If you make a program and you have two functions (in the programming sense) which do not interact, you can call "$x$" the variable in both functions. They are isolated.

However, if a function is supposed to handle two different variables independently in the same context, you cannot name them the same thing.

Formally and mathematically (and also changing notation from $\int f(x)dx$ to $\int f$ so that the point may become clearer), we have the following chain of equalities.

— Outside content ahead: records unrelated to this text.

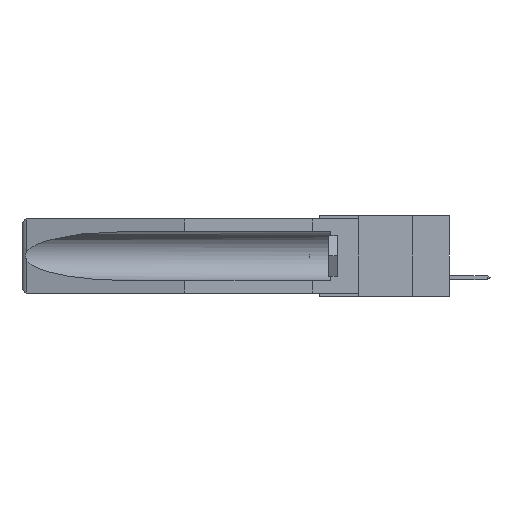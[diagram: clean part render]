
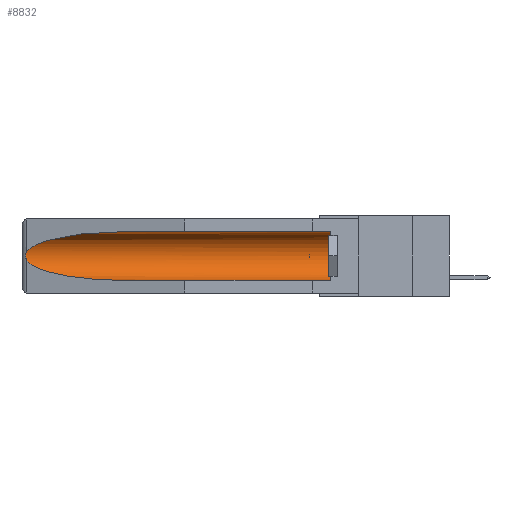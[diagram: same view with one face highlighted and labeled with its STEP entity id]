
A CAD part, left-side view. The second image highlights one B-rep face of the part: STEP entity #8832.
In plain terms, the highlighted cylindrical face has radius 2.857 mm (diameter 5.715 mm), a partial arc.
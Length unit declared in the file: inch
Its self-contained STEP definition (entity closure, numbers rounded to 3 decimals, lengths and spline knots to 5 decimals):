
#994 = ORIENTED_EDGE ( 'NONE', *, *, #16064, .T. ) ;
#1166 = CARTESIAN_POINT ( 'NONE',  ( 0.21114, 1.30732, -0.284 ) ) ;
#1522 = CARTESIAN_POINT ( 'NONE',  ( 0.2675, 1.53308, -0.17534 ) ) ;
#3514 = ORIENTED_EDGE ( 'NONE', *, *, #29029, .T. ) ;
#3515 = CARTESIAN_POINT ( 'NONE',  ( 0.25451, 1.48313, -0.24835 ) ) ;
#3572 = CARTESIAN_POINT ( 'NONE',  ( 0.26537, 1.52718, -0.14972 ) ) ;
#3663 = VERTEX_POINT ( 'NONE', #31776 ) ;
#4320 = CARTESIAN_POINT ( 'NONE',  ( 0.2675, 1.53308, -0.16763 ) ) ;
#4430 = CARTESIAN_POINT ( 'NONE',  ( 0.26597, 1.5296, -0.19026 ) ) ;
#5067 = CARTESIAN_POINT ( 'NONE',  ( 0.155, -0.30754, -0.1715 ) ) ;
#6015 = CARTESIAN_POINT ( 'NONE',  ( 0.155, 1.07973, -0.059 ) ) ;
#6191 = LINE ( 'NONE', #8923, #11631 ) ;
#6878 = CARTESIAN_POINT ( 'NONE',  ( 0.26537, 1.52718, -0.19328 ) ) ;
#7619 = CYLINDRICAL_SURFACE ( 'NONE', #25311, 0.1125 ) ;
#8011 = ORIENTED_EDGE ( 'NONE', *, *, #21563, .F. ) ;
#8250 = CARTESIAN_POINT ( 'NONE',  ( 0.155, 0.126, -0.284 ) ) ;
#8832 = ADVANCED_FACE ( 'NONE', ( #28910 ), #7619, .F. ) ;
#8923 = CARTESIAN_POINT ( 'NONE',  ( 0.155, -0.30754, -0.059 ) ) ;
#9689 = CARTESIAN_POINT ( 'NONE',  ( 0.2673, 1.5327, -0.16383 ) ) ;
#10034 = CARTESIAN_POINT ( 'NONE',  ( 0.26654, 1.53092, -0.15636 ) ) ;
#10948 = CARTESIAN_POINT ( 'NONE',  ( 0.155, -0.30754, -0.284 ) ) ;
#11548 = VERTEX_POINT ( 'NONE', #20221 ) ;
#11631 = VECTOR ( 'NONE', #27247, 39.37008 ) ;
#13234 = B_SPLINE_CURVE_WITH_KNOTS ( 'NONE', 3,
 ( #17983, #25590, #10034, #9689, #4320, #1522, #20552, #17507, #4430, #6878 ),
 .UNSPECIFIED., .F., .F.,
 ( 4, 2, 2, 2, 4 ),
 ( 0., 0.00029, 0.00058, 0.00087, 0.00117 ),
 .UNSPECIFIED. ) ;
#13338 = DIRECTION ( 'NONE',  ( 0., 1., 0. ) ) ;
#13407 = DIRECTION ( 'NONE',  ( 0., 1., 0. ) ) ;
#14192 = CARTESIAN_POINT ( 'NONE',  ( 0.21114, 1.30732, -0.059 ) ) ;
#14549 = VECTOR ( 'NONE', #13407, 39.37008 ) ;
#14840 = CARTESIAN_POINT ( 'NONE',  ( 0.155, 1.07973, -0.284 ) ) ;
#15568 = VERTEX_POINT ( 'NONE', #8250 ) ;
#15584 = DIRECTION ( 'NONE',  ( 0., -1., 0. ) ) ;
#16064 = EDGE_CURVE ( 'NONE', #15568, #30093, #21509, .T. ) ;
#16155 = ORIENTED_EDGE ( 'NONE', *, *, #25836, .T. ) ;
#16664 = LINE ( 'NONE', #10948, #14549 ) ;
#17188 = CARTESIAN_POINT ( 'NONE',  ( 0.26537, 1.52718, -0.19328 ) ) ;
#17507 = CARTESIAN_POINT ( 'NONE',  ( 0.26655, 1.53094, -0.18657 ) ) ;
#17831 = VERTEX_POINT ( 'NONE', #32476 ) ;
#17983 = CARTESIAN_POINT ( 'NONE',  ( 0.26537, 1.52718, -0.14972 ) ) ;
#19095 = EDGE_LOOP ( 'NONE', ( #16155, #22995, #3514, #8011, #994, #25543 ) ) ;
#20221 = CARTESIAN_POINT ( 'NONE',  ( 0.26537, 1.52718, -0.19328 ) ) ;
#20301 = CARTESIAN_POINT ( 'NONE',  ( 0.155, 1.07973, -0.059 ) ) ;
#20552 = CARTESIAN_POINT ( 'NONE',  ( 0.2673, 1.53269, -0.17917 ) ) ;
#21509 = CIRCLE ( 'NONE', #23183, 0.1125 ) ;
#21563 = EDGE_CURVE ( 'NONE', #15568, #17831, #16664, .T. ) ;
#22122 = CARTESIAN_POINT ( 'NONE',  ( 0.25451, 1.48313, -0.09465 ) ) ;
#22635 =( BOUNDED_CURVE ( )  B_SPLINE_CURVE ( 3, ( #17188, #3515, #1166, #14840 ),
 .UNSPECIFIED., .F., .F. ) 
 B_SPLINE_CURVE_WITH_KNOTS ( ( 4, 4 ),
 ( 0.1948, 1.5708 ),
 .UNSPECIFIED. ) 
 CURVE ( )  GEOMETRIC_REPRESENTATION_ITEM ( )  RATIONAL_B_SPLINE_CURVE ( ( 1., 0.848, 0.848, 1. ) ) 
 REPRESENTATION_ITEM ( '' )  );
#22995 = ORIENTED_EDGE ( 'NONE', *, *, #29917, .T. ) ;
#23183 = AXIS2_PLACEMENT_3D ( 'NONE', #31542, #15584, #34198 ) ;
#23717 = VERTEX_POINT ( 'NONE', #20301 ) ;
#23856 = DIRECTION ( 'NONE',  ( 0., 0., 1. ) ) ;
#25311 = AXIS2_PLACEMENT_3D ( 'NONE', #5067, #13338, #23856 ) ;
#25543 = ORIENTED_EDGE ( 'NONE', *, *, #28626, .T. ) ;
#25590 = CARTESIAN_POINT ( 'NONE',  ( 0.26597, 1.52961, -0.15275 ) ) ;
#25836 = EDGE_CURVE ( 'NONE', #23717, #3663, #32432, .T. ) ;
#27247 = DIRECTION ( 'NONE',  ( 0., 1., 0. ) ) ;
#28626 = EDGE_CURVE ( 'NONE', #30093, #23717, #6191, .T. ) ;
#28910 = FACE_OUTER_BOUND ( 'NONE', #19095, .T. ) ;
#28928 = CARTESIAN_POINT ( 'NONE',  ( 0.155, 0.126, -0.059 ) ) ;
#29029 = EDGE_CURVE ( 'NONE', #11548, #17831, #22635, .T. ) ;
#29917 = EDGE_CURVE ( 'NONE', #3663, #11548, #13234, .T. ) ;
#30093 = VERTEX_POINT ( 'NONE', #28928 ) ;
#31542 = CARTESIAN_POINT ( 'NONE',  ( 0.155, 0.126, -0.1715 ) ) ;
#31776 = CARTESIAN_POINT ( 'NONE',  ( 0.26537, 1.52718, -0.14972 ) ) ;
#32432 =( BOUNDED_CURVE ( )  B_SPLINE_CURVE ( 3, ( #6015, #14192, #22122, #3572 ),
 .UNSPECIFIED., .F., .T. ) 
 B_SPLINE_CURVE_WITH_KNOTS ( ( 4, 4 ),
 ( 4.71239, 6.08839 ),
 .UNSPECIFIED. ) 
 CURVE ( )  GEOMETRIC_REPRESENTATION_ITEM ( )  RATIONAL_B_SPLINE_CURVE ( ( 1., 0.848, 0.848, 1. ) ) 
 REPRESENTATION_ITEM ( '' )  );
#32476 = CARTESIAN_POINT ( 'NONE',  ( 0.155, 1.07973, -0.284 ) ) ;
#34198 = DIRECTION ( 'NONE',  ( 0., 0., 1. ) ) ;

\begin{align*} \underline{\left(\int_{\mathbb{R}} x \mapsto e^{-x^2}\right)} \cdot \underline{\left(\int_{\mathbb{R}} x \mapsto e^{-x^2} \right)}&\stackrel{Linearity}=\left(\int_{\mathbb{R}} \underline{\left(\int_{\mathbb{R}} x \mapsto e^{-x^2}\right)}\left(x \mapsto e^{-x^2} \right)\right) \\ &\underset{\text{fctn mult.}}{\overset{\text{Def. of}}{=}} \int_{\mathbb{R}} x \mapsto \left(e^{-x^2} \underline{\left(\int_{\mathbb{R}} y \mapsto e^{-y^2}\right)}\right) \\ &\underset{\text{}}{\overset{\text{Linearity}}{=}} \int_{\mathbb{R}} x \mapsto \left(\int_{\mathbb{R}} y \mapsto e^{-x^2-y^2}\right) \\ &\stackrel{Fubini}{=}\int_{\mathbb{R}^2}(x,y) \mapsto e^{-x^2-y^2}. \end{align*}

Using the same name ($x$) for the variables in both integrations is "fine" up to the third equality (I changed it in the second equality for the sake of clarity, otherwise the third would be a little mystic). Using $x$ instead of $y$ in the second line would be extremely bad taste, but not explicitly wrong. Using $x$ instead of $y$ in the right side of the first equality is edgy, but not so much.

Indeed, each underline integral is a closed box with respect to the rest: they are fixed numbers, which don't interact at all with the rest of the environment other than via the fact that they are numbers. It is in the third equality that we are multiplying a constant (relative to the inner function which we are integrating) which depends on $x$. It does not depend on the function inside the integral at all, but it is invading its space and interacting with it. To be extremely clear, call the function $x \mapsto e^{-x^2}$ by $f$. The second line is then $$\int_{\mathbb{R}} x \mapsto \left(e^{-x^2} \left(\int_{\mathbb{R}} f\right)\right)$$ $$=\int_{\mathbb{R}} \left( x \mapsto \int_{\mathbb{R}} (e^{-x^2}\cdot f)\right),$$ where we multiplied a constant to the inner integral.

What you are proposing is that the equality should read $$\int_{\mathbb{R}} x \mapsto \left(e^{-x^2} \left(\int_{\mathbb{R}} f\right)\right)$$ $$=\int_{\mathbb{R}} \left( x \mapsto \int_{\mathbb{R}} g\right),$$ where $g(t)=e^{-t^2}f(t)$. This doesn't make sense. Essentially, what you are implying is that $$f \cdot\int g=\int f\cdot g,$$ which is not true.